I'm new to this widowhood thing, my husband passed away very suddenly in January.  Next month would have been our 32 wedding anniversary.

What do widows do on their wedding anniversary?  Do they just treat it as another ordinary day - go to work and go home, fix something for dinner and go to bed?  I'm somewhat afraid I'd end up spending the night in tears (something that happens every so often, probably too often) if I do that, but can't think of anything else.  Does one try to ignore the date and not face the pain of not having your loved one by you for it?  Or is there a way to acknowledge just how important that date was for so many years, but not dissolve into tears and painful emotion?  Is there some way to honor the date and the long-term relationship, to honor that special person, too, without getting hysterical?

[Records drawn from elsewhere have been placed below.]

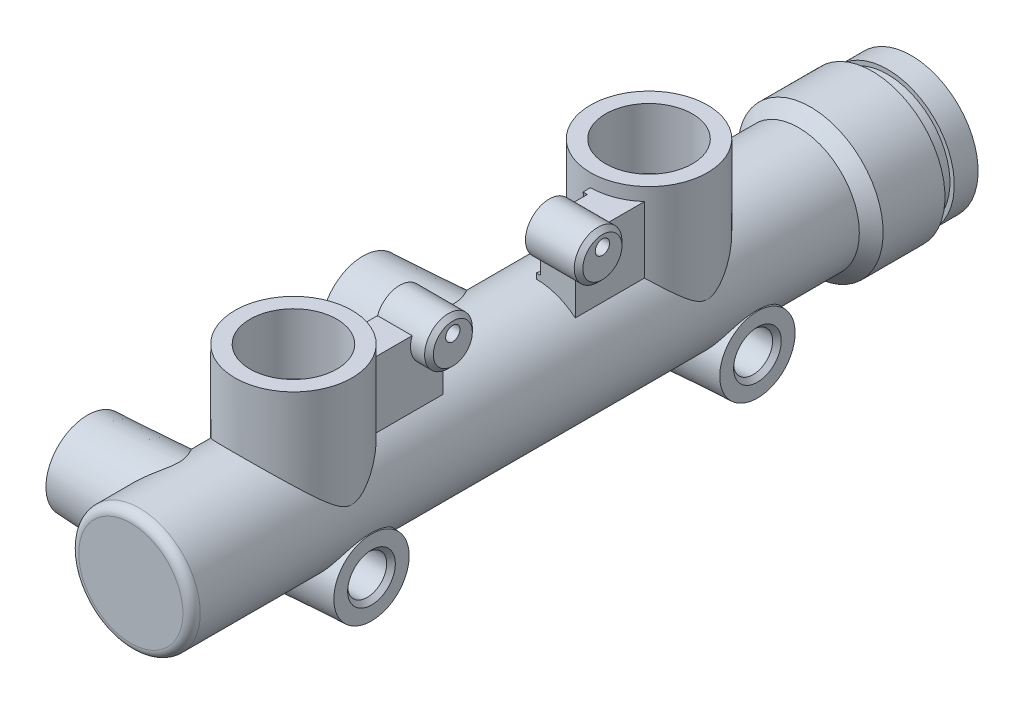
from build123d import *

# Parameters (mm, degrees)
CHANFRO1_SIZE                      = 2.75
ESBO_O2_R                          = 10.75
CORTE_EXTRUS_O1_DEPTH              = 4
ESBO_O4_R                          = 11.55
CORTE_EXTRUS_O2_DEPTH              = 0.8
ESBO_O5_R                          = 10.75
CORTE_EXTRUS_O3_DEPTH              = 18
FILETE1_R                          = 2
RESSALTO_EXTRUS_O1_REACH           = 188.477
RESSALTO_EXTRUS_O1_END_RADIUS      = 14
ESBO_O7_R                          = 13.5
ESBO_O8_R                          = 9.4
RESSALTO_EXTRUS_O2_DEPTH           = 13.5
RESSALTO_EXTRUS_O2_DRAFT           = 3
RESSALTO_EXTRUS_O2_PROFILE_2_DEPTH = 13.5
RESSALTO_EXTRUS_O2_PROFILE_2_DRAFT = 3
ESBO_O8_2_R                        = 9.4
RESSALTO_EXTRUS_O3_DEPTH           = 22.5
RESSALTO_EXTRUS_O3_DRAFT           = -3
RESSALTO_EXTRUS_O3_PROFILE_2_DEPTH = 22.5
RESSALTO_EXTRUS_O3_PROFILE_2_DRAFT = -3
ESBO_O9_R                          = 11
RESSALTO_EXTRUS_O4_DEPTH           = 27
RESSALTO_EXTRUS_O4_DRAFT           = -3
RESSALTO_EXTRUS_O4_PROFILE_2_DEPTH = 27
RESSALTO_EXTRUS_O4_PROFILE_2_DRAFT = -3
ESBO_O6_R                          = 9.525
CORTE_EXTRUS_O4_DEPTH              = 150
FURO_DE_DI_METRO_9_0_9_1_D         = 9
CHANFRO2_SIZE                      = 1
FURO_ROSCADO_DE_M10X1_251_D        = 8.8
FURO_ROSCADO_DE_M10X1_251_DEPTH    = 14.856213276
FURO_ROSCADO_DE_M10X1_251_TIP      = 2.643786724
CHANFRO3_SIZE                      = 0.75
FURO_DE_DI_METRO_3_0_3_1_REACH     = 189.497
FURO_DE_DI_METRO_3_0_3_1_BORE_R    = 1.5
ESBO_O20_W                         = 16
ESBO_O20_H                         = 16
RESSALTO_EXTRUS_O5_DEPTH           = 9
FURO_DE_DI_METRO_20_0_20_1_D       = 20
FURO_DE_DI_METRO_20_0_20_1_DEPTH   = 13.99139381
FURO_DE_DI_METRO_20_0_20_1_TIP     = 6.00860619
ESBO_O21_R                         = 5.5
RESSALTO_EXTRUS_O6_DEPTH           = 13.25
ESBO_O22_R                         = 9
CORTE_EXTRUS_O6_DEPTH              = 1
CHANFRO4_SIZE                      = 1
FURO_ROSCADO_DE_M4X0_71_D          = 3.3


with BuildPart() as part:
    # Esboço1 → Revolução1 (revolve)
    with BuildSketch(Plane(origin=(0, 0, 0), x_dir=(0, 0, -1), z_dir=(1, 0, 0)), mode=Mode.PRIVATE) as revolu_o1_sk:
        Polygon((0, 0), (0, 14), (154, 14), (154, 16.75), (180, 16.75), (180, 0), align=None)
    revolve(revolu_o1_sk.sketch.rotate(Axis((0, 0, 0), (0, 0, -1)), 90), axis=Axis((0, 0, 0), (0, 0, -1)))

    # Chanfro1
    chanfro1_edges = [part.edges().sort_by_distance(p)[0] for p in [
        (-16.75, 0, -154),
    ]]
    chamfer(chanfro1_edges, length=CHANFRO1_SIZE - 0.0001)  # a hair under: the kernel refuses the full size

    # Esboço2 → Corte-extrusão1 (cut)
    with BuildSketch(Plane(origin=(0, 0, -180), x_dir=(-1, 0, 0), z_dir=(0, 0, -1))):
        Circle(ESBO_O2_R)
    extrude(amount=-CORTE_EXTRUS_O1_DEPTH, mode=Mode.SUBTRACT)

    # Esboço3 → Corte-Revolução1 (revolve, cut)
    with BuildSketch(Plane(origin=(0, 0, 0), x_dir=(0, 0, -1), z_dir=(1, 0, 0)), mode=Mode.PRIVATE) as corte_revolu_o1_sk:
        Polygon((180, 15.4), (174.5, 15.4), (174.5, 14.4), (171, 14.4), (171, 16.75), (180, 16.75), align=None)
    revolve(corte_revolu_o1_sk.sketch.rotate(Axis((0, 0, -180), (0, 0, 1)), 90), axis=Axis((0, 0, -180), (0, 0, 1)), mode=Mode.SUBTRACT)

    # Esboço4 → Corte-extrusão2 (cut)
    with BuildSketch(Plane(origin=(0, 0, -176), x_dir=(-1, 0, 0), z_dir=(0, 0, -1))):
        Circle(ESBO_O4_R)
    extrude(amount=-CORTE_EXTRUS_O2_DEPTH, mode=Mode.SUBTRACT)

    # Esboço5 → Corte-extrusão3 (cut)
    with BuildSketch(Plane(origin=(0, 0, -175.2), x_dir=(-1, 0, 0), z_dir=(0, 0, -1))):
        Circle(ESBO_O5_R)
    extrude(amount=-CORTE_EXTRUS_O3_DEPTH, mode=Mode.SUBTRACT)

    # Filete1
    filete1_edges = [part.edges().sort_by_distance(p)[0] for p in [
        (-14, 0, 0),
    ]]
    fillet(filete1_edges, radius=FILETE1_R)

    # Ressalto-extrusão1: up to this cylinder (the profile starts outside it)
    ressalto_extrus_o1_end = Plane(origin=(0, 0, -78.5), z_dir=(0, 0, 1)) * Cylinder(RESSALTO_EXTRUS_O1_END_RADIUS, 487.954, mode=Mode.PRIVATE)
    # Esboço7 → Ressalto-extrusão1 (add, up to the surface)
    with BuildSketch(Plane(origin=(0, 29, 0), x_dir=(1, 0, 0), z_dir=(0, 1, 0)), mode=Mode.PRIVATE) as ressalto_extrus_o1_sk1:
        with Locations(Location((0, 37.5, 0), (0, 0, 270))):
            Circle(ESBO_O7_R)
    ressalto_extrus_o1_tool1 = extrude(ressalto_extrus_o1_sk1.sketch, amount=-RESSALTO_EXTRUS_O1_REACH, mode=Mode.PRIVATE) - ressalto_extrus_o1_end
    add(ressalto_extrus_o1_tool1.solids().sort_by_distance((0, 29, -37.5))[0])
    # Esboço7 → Ressalto-extrusão1 (add, up to the surface)
    with BuildSketch(Plane(origin=(0, 29, 0), x_dir=(1, 0, 0), z_dir=(0, 1, 0)), mode=Mode.PRIVATE) as ressalto_extrus_o1_sk2:
        with Locations(Location((0, 119.5, 0), (0, 0, 270))):
            Circle(ESBO_O7_R)
    ressalto_extrus_o1_tool2 = extrude(ressalto_extrus_o1_sk2.sketch, amount=-RESSALTO_EXTRUS_O1_REACH, mode=Mode.PRIVATE) - ressalto_extrus_o1_end
    add(ressalto_extrus_o1_tool2.solids().sort_by_distance((0, 29, -119.5))[0])


with BuildPart() as ressalto_extrus_o2_tool:
    # Esboço8 → Ressalto-extrusão2 (with draft: the straight prism first)
    with BuildSketch(Plane(origin=(0, 0, 0), x_dir=(0, 0, -1), z_dir=(1, 0, 0))):
        with Locations((42, -13.1)):
            Circle(ESBO_O8_R)
    extrude(amount=RESSALTO_EXTRUS_O2_DEPTH)
    # Ressalto-extrusão2: the draft: its side faces are tilted about the plane it starts from
    ressalto_extrus_o2_sides = [ressalto_extrus_o2_tool.faces().sort_by_distance(p)[0] for p in [
        (6.75, -13.1, -32.6),
    ]]
    draft(ressalto_extrus_o2_sides, Plane(origin=(0, 0, 0), x_dir=(0, 0, -1), z_dir=(1, 0, 0)), RESSALTO_EXTRUS_O2_DRAFT)


with BuildPart() as part_1:
    add(part.part)

    # Ressalto-extrusão2: add ressalto_extrus_o2_tool
    add(ressalto_extrus_o2_tool.part)


with BuildPart() as ressalto_extrus_o2_profile_2_tool:
    # Esboço8 → Ressalto-extrusão2 profile 2 (with draft: the straight prism first)
    with BuildSketch(Plane(origin=(0, 0, 0), x_dir=(0, 0, -1), z_dir=(1, 0, 0))):
        with Locations((131, -13.1)):
            Circle(ESBO_O8_R)
    extrude(amount=RESSALTO_EXTRUS_O2_PROFILE_2_DEPTH)
    # Ressalto-extrusão2 profile 2: the draft: its side faces are tilted about the plane it starts from
    ressalto_extrus_o2_profile_2_sides = [ressalto_extrus_o2_profile_2_tool.faces().sort_by_distance(p)[0] for p in [
        (6.75, -13.1, -121.6),
    ]]
    draft(ressalto_extrus_o2_profile_2_sides, Plane(origin=(0, 0, 0), x_dir=(0, 0, -1), z_dir=(1, 0, 0)), RESSALTO_EXTRUS_O2_PROFILE_2_DRAFT)


with BuildPart() as part_2:
    add(part_1.part)

    # Ressalto-extrusão2 profile 2: add ressalto_extrus_o2_profile_2_tool
    add(ressalto_extrus_o2_profile_2_tool.part)


with BuildPart() as ressalto_extrus_o3_tool:
    # Esboço8<2> → Ressalto-extrusão3 (with draft: the straight prism first)
    with BuildSketch(Plane(origin=(0, 0, 0), x_dir=(0, 0, -1), z_dir=(1, 0, 0))):
        with Locations((42, -13.1)):
            Circle(ESBO_O8_2_R)
    extrude(amount=-RESSALTO_EXTRUS_O3_DEPTH)
    # Ressalto-extrusão3: the draft: its side faces are tilted about the plane it starts from
    ressalto_extrus_o3_sides = [ressalto_extrus_o3_tool.faces().sort_by_distance(p)[0] for p in [
        (-11.25, -13.1, -32.6),
    ]]
    draft(ressalto_extrus_o3_sides, Plane(origin=(0, 0, 0), x_dir=(0, 0, -1), z_dir=(1, 0, 0)), RESSALTO_EXTRUS_O3_DRAFT)


with BuildPart() as part_3:
    add(part_2.part)

    # Ressalto-extrusão3: add ressalto_extrus_o3_tool
    add(ressalto_extrus_o3_tool.part)


with BuildPart() as ressalto_extrus_o3_profile_2_tool:
    # Esboço8<2> → Ressalto-extrusão3 profile 2 (with draft: the straight prism first)
    with BuildSketch(Plane(origin=(0, 0, 0), x_dir=(0, 0, -1), z_dir=(1, 0, 0))):
        with Locations((131, -13.1)):
            Circle(ESBO_O8_2_R)
    extrude(amount=-RESSALTO_EXTRUS_O3_PROFILE_2_DEPTH)
    # Ressalto-extrusão3 profile 2: the draft: its side faces are tilted about the plane it starts from
    ressalto_extrus_o3_profile_2_sides = [ressalto_extrus_o3_profile_2_tool.faces().sort_by_distance(p)[0] for p in [
        (-11.25, -13.1, -121.6),
    ]]
    draft(ressalto_extrus_o3_profile_2_sides, Plane(origin=(0, 0, 0), x_dir=(0, 0, -1), z_dir=(1, 0, 0)), RESSALTO_EXTRUS_O3_PROFILE_2_DRAFT)


with BuildPart() as part_4:
    add(part_3.part)

    # Ressalto-extrusão3 profile 2: add ressalto_extrus_o3_profile_2_tool
    add(ressalto_extrus_o3_profile_2_tool.part)


with BuildPart() as ressalto_extrus_o4_tool:
    # Esboço9 → Ressalto-extrusão4 (with draft: the straight prism first)
    with BuildSketch(Plane(origin=(0, 0, 0), x_dir=(0, 0, -1), z_dir=(1, 0, 0))):
        with Locations((17, 2)):
            Circle(ESBO_O9_R)
    extrude(amount=-RESSALTO_EXTRUS_O4_DEPTH)
    # Ressalto-extrusão4: the draft: its side faces are tilted about the plane it starts from
    ressalto_extrus_o4_sides = [ressalto_extrus_o4_tool.faces().sort_by_distance(p)[0] for p in [
        (-13.5, 2, -6),
    ]]
    draft(ressalto_extrus_o4_sides, Plane(origin=(0, 0, 0), x_dir=(0, 0, -1), z_dir=(1, 0, 0)), RESSALTO_EXTRUS_O4_DRAFT)


with BuildPart() as part_5:
    add(part_4.part)

    # Ressalto-extrusão4: add ressalto_extrus_o4_tool
    add(ressalto_extrus_o4_tool.part)


with BuildPart() as ressalto_extrus_o4_profile_2_tool:
    # Esboço9 → Ressalto-extrusão4 profile 2 (with draft: the straight prism first)
    with BuildSketch(Plane(origin=(0, 0, 0), x_dir=(0, 0, -1), z_dir=(1, 0, 0))):
        with Locations((80.5, 2)):
            Circle(ESBO_O9_R)
    extrude(amount=-RESSALTO_EXTRUS_O4_PROFILE_2_DEPTH)
    # Ressalto-extrusão4 profile 2: the draft: its side faces are tilted about the plane it starts from
    ressalto_extrus_o4_profile_2_sides = [ressalto_extrus_o4_profile_2_tool.faces().sort_by_distance(p)[0] for p in [
        (-13.5, 2, -69.5),
    ]]
    draft(ressalto_extrus_o4_profile_2_sides, Plane(origin=(0, 0, 0), x_dir=(0, 0, -1), z_dir=(1, 0, 0)), RESSALTO_EXTRUS_O4_PROFILE_2_DRAFT)


with BuildPart() as part_6:
    add(part_5.part)

    # Ressalto-extrusão4 profile 2: add ressalto_extrus_o4_profile_2_tool
    add(ressalto_extrus_o4_profile_2_tool.part)

    # Esboço6 → Corte-extrusão4 (cut)
    with BuildSketch(Plane(origin=(0, 0, -157.2), x_dir=(-1, 0, 0), z_dir=(0, 0, -1))):
        Circle(ESBO_O6_R)
    extrude(amount=-CORTE_EXTRUS_O4_DEPTH, mode=Mode.SUBTRACT)

    # Furo de diâmetro Ø9.0 (9)1 (through all)
    with Locations(Plane.ZY.offset(22.5)):
        with Locations((-131, -13.1), (-42, -13.1)):
            Hole(FURO_DE_DI_METRO_9_0_9_1_D / 2)

    # Chanfro2
    chanfro2_edges = [part_6.edges().sort_by_distance(p)[0] for p in [
        (13.5, -13.1, -37.5),
        (-22.5, -13.1, -37.5),
        (13.5, -13.1, -126.5),
        (-22.5, -13.1, -126.5),
    ]]
    chamfer(chanfro2_edges, length=CHANFRO2_SIZE)

    # Furo roscado de M10x1.251
    with Locations(Plane.ZY.offset(27)):
        with Locations((-80.5, 2), (-17, 2)):
            Hole(FURO_ROSCADO_DE_M10X1_251_D / 2, depth=FURO_ROSCADO_DE_M10X1_251_DEPTH)
            with Locations((0, 0, -(FURO_ROSCADO_DE_M10X1_251_DEPTH + FURO_ROSCADO_DE_M10X1_251_TIP / 2))):  # 118° drill point
                Cone(0, FURO_ROSCADO_DE_M10X1_251_D / 2, FURO_ROSCADO_DE_M10X1_251_TIP, mode=Mode.SUBTRACT)

    # Chanfro3
    chanfro3_edges = [part_6.edges().sort_by_distance(p)[0] for p in [
        (-27, 2, -12.6),
        (-27, 2, -76.1),
    ]]
    chamfer(chanfro3_edges, length=CHANFRO3_SIZE)

    # Furo de diâmetro Ø3.0 (3)1 bore → Furo de diâmetro Ø3.0 (3)1 (cut, up to next)
    with BuildSketch(Plane.ZY.offset(27), mode=Mode.PRIVATE) as furo_de_di_metro_3_0_3_1_sk1:
        with Locations((-80.5, 2)):
            Circle(FURO_DE_DI_METRO_3_0_3_1_BORE_R)
    furo_de_di_metro_3_0_3_1_tool1 = extrude(furo_de_di_metro_3_0_3_1_sk1.sketch, amount=-FURO_DE_DI_METRO_3_0_3_1_REACH, mode=Mode.PRIVATE) & part_6.part
    # Furo de diâmetro Ø3.0 (3)1 bore → Furo de diâmetro Ø3.0 (3)1 (cut, up to next)
    with BuildSketch(Plane.ZY.offset(27), mode=Mode.PRIVATE) as furo_de_di_metro_3_0_3_1_sk2:
        with Locations((-17, 2)):
            Circle(FURO_DE_DI_METRO_3_0_3_1_BORE_R)
    furo_de_di_metro_3_0_3_1_tool2 = extrude(furo_de_di_metro_3_0_3_1_sk2.sketch, amount=-FURO_DE_DI_METRO_3_0_3_1_REACH, mode=Mode.PRIVATE) & part_6.part
    add(furo_de_di_metro_3_0_3_1_tool1.solids().sort_by_distance((-27, 2, -80.5))[0], mode=Mode.SUBTRACT)
    add(furo_de_di_metro_3_0_3_1_tool2.solids().sort_by_distance((-27, 2, -17))[0], mode=Mode.SUBTRACT)

    # Esboço20 → Ressalto-extrusão5 (add)
    with BuildSketch(Plane(origin=(9, 0, 0), x_dir=(0, 0, -1), z_dir=(1, 0, 0))):
        with Locations((55, 18)):
            Rectangle(ESBO_O20_W, ESBO_O20_H)
        with Locations((101.5, 18)):
            Rectangle(ESBO_O20_W, ESBO_O20_H)
    extrude(amount=-RESSALTO_EXTRUS_O5_DEPTH)

    # Furo de diâmetro Ø20.0 (20)1
    with Locations(Plane(origin=(0, 29, 0), x_dir=(1, 0, 0), z_dir=(0, 1, 0))):
        with Locations((0, 119.5), (0, 37.5)):
            Hole(FURO_DE_DI_METRO_20_0_20_1_D / 2, depth=FURO_DE_DI_METRO_20_0_20_1_DEPTH)
            with Locations((0, 0, -(FURO_DE_DI_METRO_20_0_20_1_DEPTH + FURO_DE_DI_METRO_20_0_20_1_TIP / 2))):  # 118° drill point
                Cone(0, FURO_DE_DI_METRO_20_0_20_1_D / 2, FURO_DE_DI_METRO_20_0_20_1_TIP, mode=Mode.SUBTRACT)

    # Esboço21 → Ressalto-extrusão6 (add)
    with BuildSketch(Plane(origin=(0, 0, 0), x_dir=(0, 0, -1), z_dir=(1, 0, 0))):
        with Locations(Location((95.5, 24, 0), (0, 0, 248.676313737))):
            Circle(ESBO_O21_R)
        with Locations(Location((61, 24, 0), (0, 0, 158.676313737))):
            Circle(ESBO_O21_R)
    extrude(amount=RESSALTO_EXTRUS_O6_DEPTH)

    # Esboço22 → Corte-extrusão6 (cut)
    with BuildSketch(Plane.ZY):
        with Locations((-95.5, 24)):
            Circle(ESBO_O22_R)
        with Locations((-61, 24)):
            Circle(ESBO_O22_R)
    extrude(amount=-CORTE_EXTRUS_O6_DEPTH, mode=Mode.SUBTRACT)

    # Chanfro4
    chanfro4_edges = [part_6.edges().sort_by_distance(p)[0] for p in [
        (13.25, 29.123475383, -97.5),
        (13.25, 22, -66.123475383),
    ]]
    chamfer(chanfro4_edges, length=CHANFRO4_SIZE)

    # Furo roscado de M4x0.71 (through all)
    with Locations(Plane.ZY.offset(-1)):
        with Locations((-95.5, 26), (-61, 26)):
            Hole(FURO_ROSCADO_DE_M4X0_71_D / 2)


solid = part_6.part

What do other widows or widowers do?


----------



## Mike&Edie (Jun 15, 2013)

I am so sorry for your loss.  I am not a widow but my brother died suddenly last year and my sister-in-law is going through similar pain.  Everyone is different but please stay busy and try not to be depressed for too long.  Do you have kids you could have dinner with or something like that?


----------



## Passepartout (Jun 15, 2013)

How about a nice dinner out with good friends? A stage show? DW suggests perhaps something 'decadent', like a massage, facial, or new outfit, or ??? It's OK to remember your special someone and the good times you had together without melting into a puddle of tears. Maybe not totally yet, but as time passes, the pleasant memories will endure longer than the painful ones.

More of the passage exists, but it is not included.